Once a line is found to contain "Repository", copy it out of the listing.

Start of Extracted information

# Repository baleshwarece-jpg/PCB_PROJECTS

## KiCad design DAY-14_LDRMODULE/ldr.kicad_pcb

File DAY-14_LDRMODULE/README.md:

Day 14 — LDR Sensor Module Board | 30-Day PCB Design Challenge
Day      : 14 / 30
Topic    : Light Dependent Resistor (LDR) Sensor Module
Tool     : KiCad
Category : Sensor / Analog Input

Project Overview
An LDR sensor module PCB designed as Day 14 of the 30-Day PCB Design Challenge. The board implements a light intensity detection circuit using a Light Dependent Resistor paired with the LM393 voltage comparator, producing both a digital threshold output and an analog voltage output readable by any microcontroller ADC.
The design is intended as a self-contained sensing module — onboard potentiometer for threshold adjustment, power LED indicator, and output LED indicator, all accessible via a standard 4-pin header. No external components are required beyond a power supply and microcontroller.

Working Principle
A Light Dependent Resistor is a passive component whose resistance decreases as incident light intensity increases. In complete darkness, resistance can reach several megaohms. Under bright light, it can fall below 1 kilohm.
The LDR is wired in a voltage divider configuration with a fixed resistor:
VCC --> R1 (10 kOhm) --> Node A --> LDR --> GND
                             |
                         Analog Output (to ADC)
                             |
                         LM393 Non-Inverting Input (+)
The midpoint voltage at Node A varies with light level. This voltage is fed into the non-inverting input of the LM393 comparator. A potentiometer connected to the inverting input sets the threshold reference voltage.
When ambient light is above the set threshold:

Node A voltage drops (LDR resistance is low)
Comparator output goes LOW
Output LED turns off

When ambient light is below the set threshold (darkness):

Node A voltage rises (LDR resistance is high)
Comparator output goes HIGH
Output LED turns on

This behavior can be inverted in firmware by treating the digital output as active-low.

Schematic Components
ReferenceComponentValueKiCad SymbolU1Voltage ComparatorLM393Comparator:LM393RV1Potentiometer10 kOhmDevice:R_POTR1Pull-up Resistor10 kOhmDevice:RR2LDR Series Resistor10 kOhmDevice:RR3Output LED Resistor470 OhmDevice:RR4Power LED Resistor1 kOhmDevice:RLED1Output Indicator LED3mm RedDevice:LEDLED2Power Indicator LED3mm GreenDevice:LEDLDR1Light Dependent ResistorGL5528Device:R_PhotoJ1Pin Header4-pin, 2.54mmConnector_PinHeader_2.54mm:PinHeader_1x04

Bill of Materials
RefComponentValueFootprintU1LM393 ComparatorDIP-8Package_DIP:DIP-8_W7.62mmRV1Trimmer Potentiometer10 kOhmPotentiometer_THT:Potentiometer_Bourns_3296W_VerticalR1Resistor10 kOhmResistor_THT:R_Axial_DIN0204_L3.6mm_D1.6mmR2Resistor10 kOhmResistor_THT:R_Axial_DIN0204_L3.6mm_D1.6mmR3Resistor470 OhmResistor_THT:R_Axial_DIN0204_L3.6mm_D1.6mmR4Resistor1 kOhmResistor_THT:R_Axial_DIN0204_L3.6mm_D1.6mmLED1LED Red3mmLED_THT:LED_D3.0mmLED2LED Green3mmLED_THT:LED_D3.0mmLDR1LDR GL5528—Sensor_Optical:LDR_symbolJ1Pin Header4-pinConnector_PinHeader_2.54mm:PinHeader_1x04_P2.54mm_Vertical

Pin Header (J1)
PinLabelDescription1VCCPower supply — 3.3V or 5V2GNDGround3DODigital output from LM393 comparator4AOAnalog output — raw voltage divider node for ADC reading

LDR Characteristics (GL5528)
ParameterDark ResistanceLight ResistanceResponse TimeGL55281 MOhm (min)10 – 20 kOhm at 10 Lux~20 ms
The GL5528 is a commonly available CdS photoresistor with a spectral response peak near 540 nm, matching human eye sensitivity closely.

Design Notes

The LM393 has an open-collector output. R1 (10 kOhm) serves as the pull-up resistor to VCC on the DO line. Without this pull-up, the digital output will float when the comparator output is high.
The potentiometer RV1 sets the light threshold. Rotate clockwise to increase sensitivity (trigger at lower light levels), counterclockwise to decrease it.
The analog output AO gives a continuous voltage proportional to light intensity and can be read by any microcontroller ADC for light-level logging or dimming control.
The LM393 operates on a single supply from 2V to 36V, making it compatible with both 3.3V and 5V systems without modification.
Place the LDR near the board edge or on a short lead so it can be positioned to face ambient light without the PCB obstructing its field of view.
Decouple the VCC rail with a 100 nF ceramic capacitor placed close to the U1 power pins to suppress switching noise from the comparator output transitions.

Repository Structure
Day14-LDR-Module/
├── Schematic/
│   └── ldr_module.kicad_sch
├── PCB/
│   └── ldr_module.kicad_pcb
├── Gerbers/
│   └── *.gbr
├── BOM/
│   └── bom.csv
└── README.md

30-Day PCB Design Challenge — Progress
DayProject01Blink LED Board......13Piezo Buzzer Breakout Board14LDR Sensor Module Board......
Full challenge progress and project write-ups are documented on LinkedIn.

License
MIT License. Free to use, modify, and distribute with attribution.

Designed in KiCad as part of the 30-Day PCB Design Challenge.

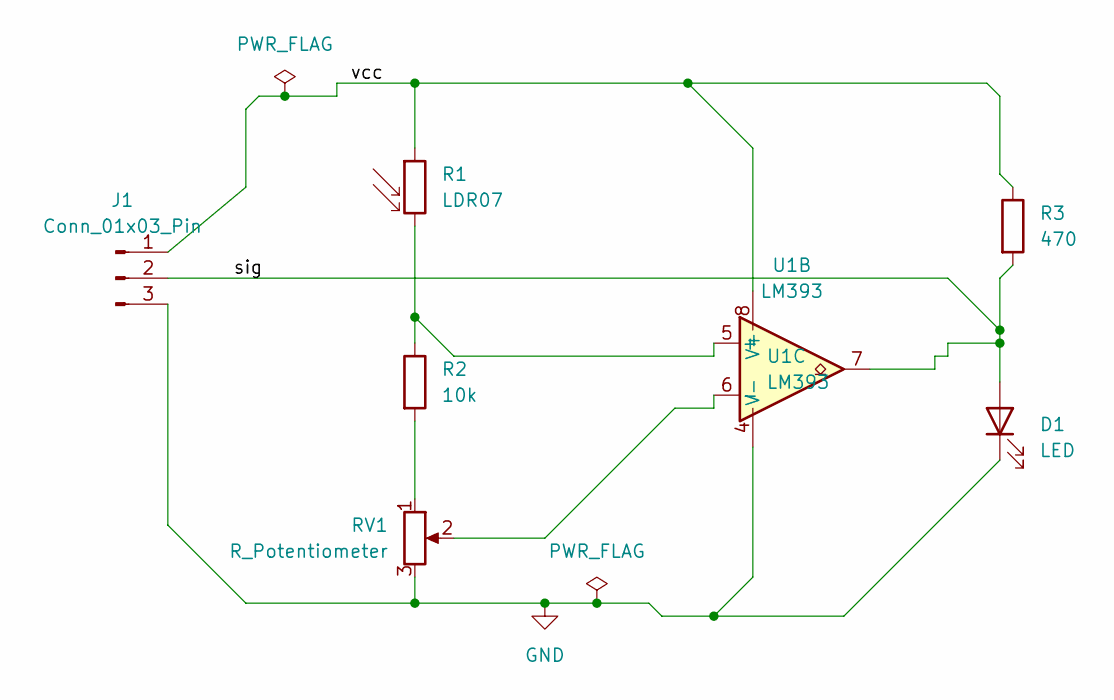
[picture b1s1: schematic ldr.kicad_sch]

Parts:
D1: LED; LED_D5.0mm
J1: Conn_01x03_Pin; PinHeader_1x03_P2.54mm_Vertical
R1: LDR07; R_LDR_5.1x4.3mm_P3.4mm_Vertical
R2: 10k; R_Axial_DIN0207_L6.3mm_D2.5mm_P10.16mm_Horizontal
R3: 470; R_Axial_DIN0207_L6.3mm_D2.5mm_P10.16mm_Horizontal
RV1: R_Potentiometer; Potentiometer_Alpha_RD901F-40-00D_Single_Vertical
U1: LM393; SO-8_3.9x4.9mm_P1.27mm

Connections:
/sig: D1.2 (A), J1.2, R3.2, U1.7
/vcc: J1.1, R1.1, R3.1, U1.8 (V+)
GND: D1.1 (K), J1.3, RV1.3, U1.4 (V-)
unnamed: R2.2, RV1.1
unnamed: R1.2, R2.1, U1.5 (+)
unnamed: RV1.2, U1.6 (-)

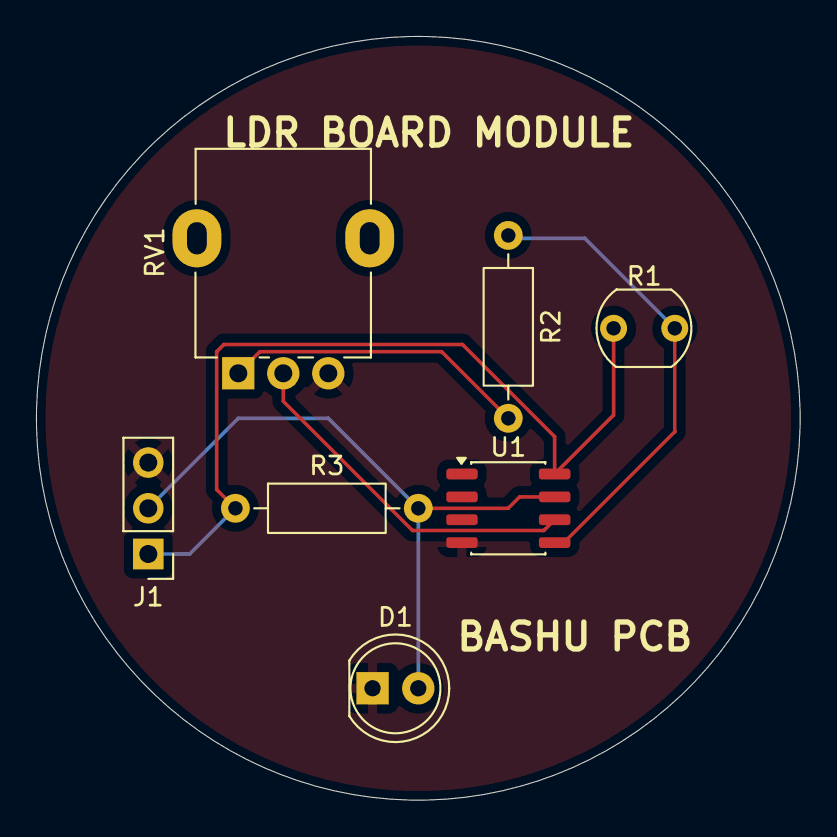
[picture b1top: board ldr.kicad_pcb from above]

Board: 2 copper layers, 42.4 x 42.4 mm, 7 parts (0 on the bottom side), 6 nets.

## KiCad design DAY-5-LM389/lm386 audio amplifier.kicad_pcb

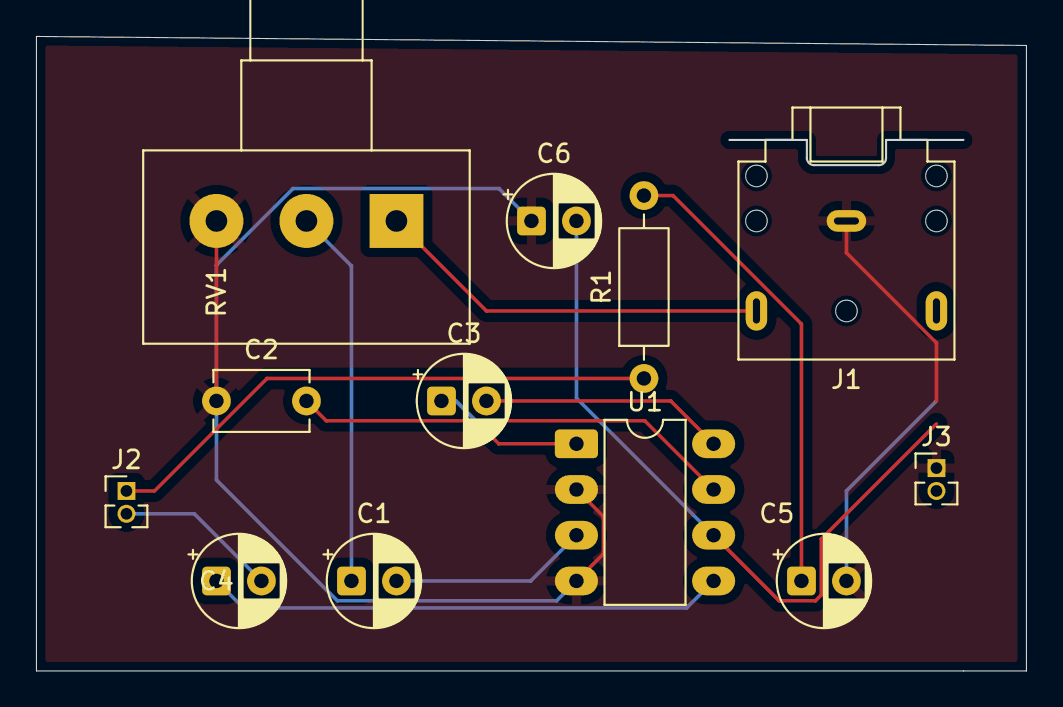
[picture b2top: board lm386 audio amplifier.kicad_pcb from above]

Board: 2 copper layers, 55.0 x 35.2 mm, 12 parts (0 on the bottom side), 12 nets.

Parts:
C1, C3, C6: 10; CP_Radial_D5.0mm_P2.50mm
C2: 47n; C_Disc_D5.1mm_W3.2mm_P5.00mm
C4: 220; CP_Radial_D5.0mm_P2.50mm
C5: 47; CP_Radial_D5.0mm_P2.50mm
J1: AudioJack3; Jack_3.5mm_CUI_SJ1-3523N_Horizontal
J2, J3: Conn_01x02_Pin; PinHeader_1x02_P1.27mm_Vertical
R1: R; R_Axial_DIN0207_L6.3mm_D2.5mm_P10.16mm_Horizontal
RV1: R_Potentiometer; Potentiometer_Alps_RK163_Single_Horizontal
U1: LM386; DIP-8_W7.62mm_LongPads

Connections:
GND: C2.1, C5.2, C6.1, J1.S, J3.1, RV1.3, U1.2 (-), U1.4 (GND)
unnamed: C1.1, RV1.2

End of Extracted information

## Written solution
# Repository baleshwarece-jpg/PCB_PROJECTS
Repository Structure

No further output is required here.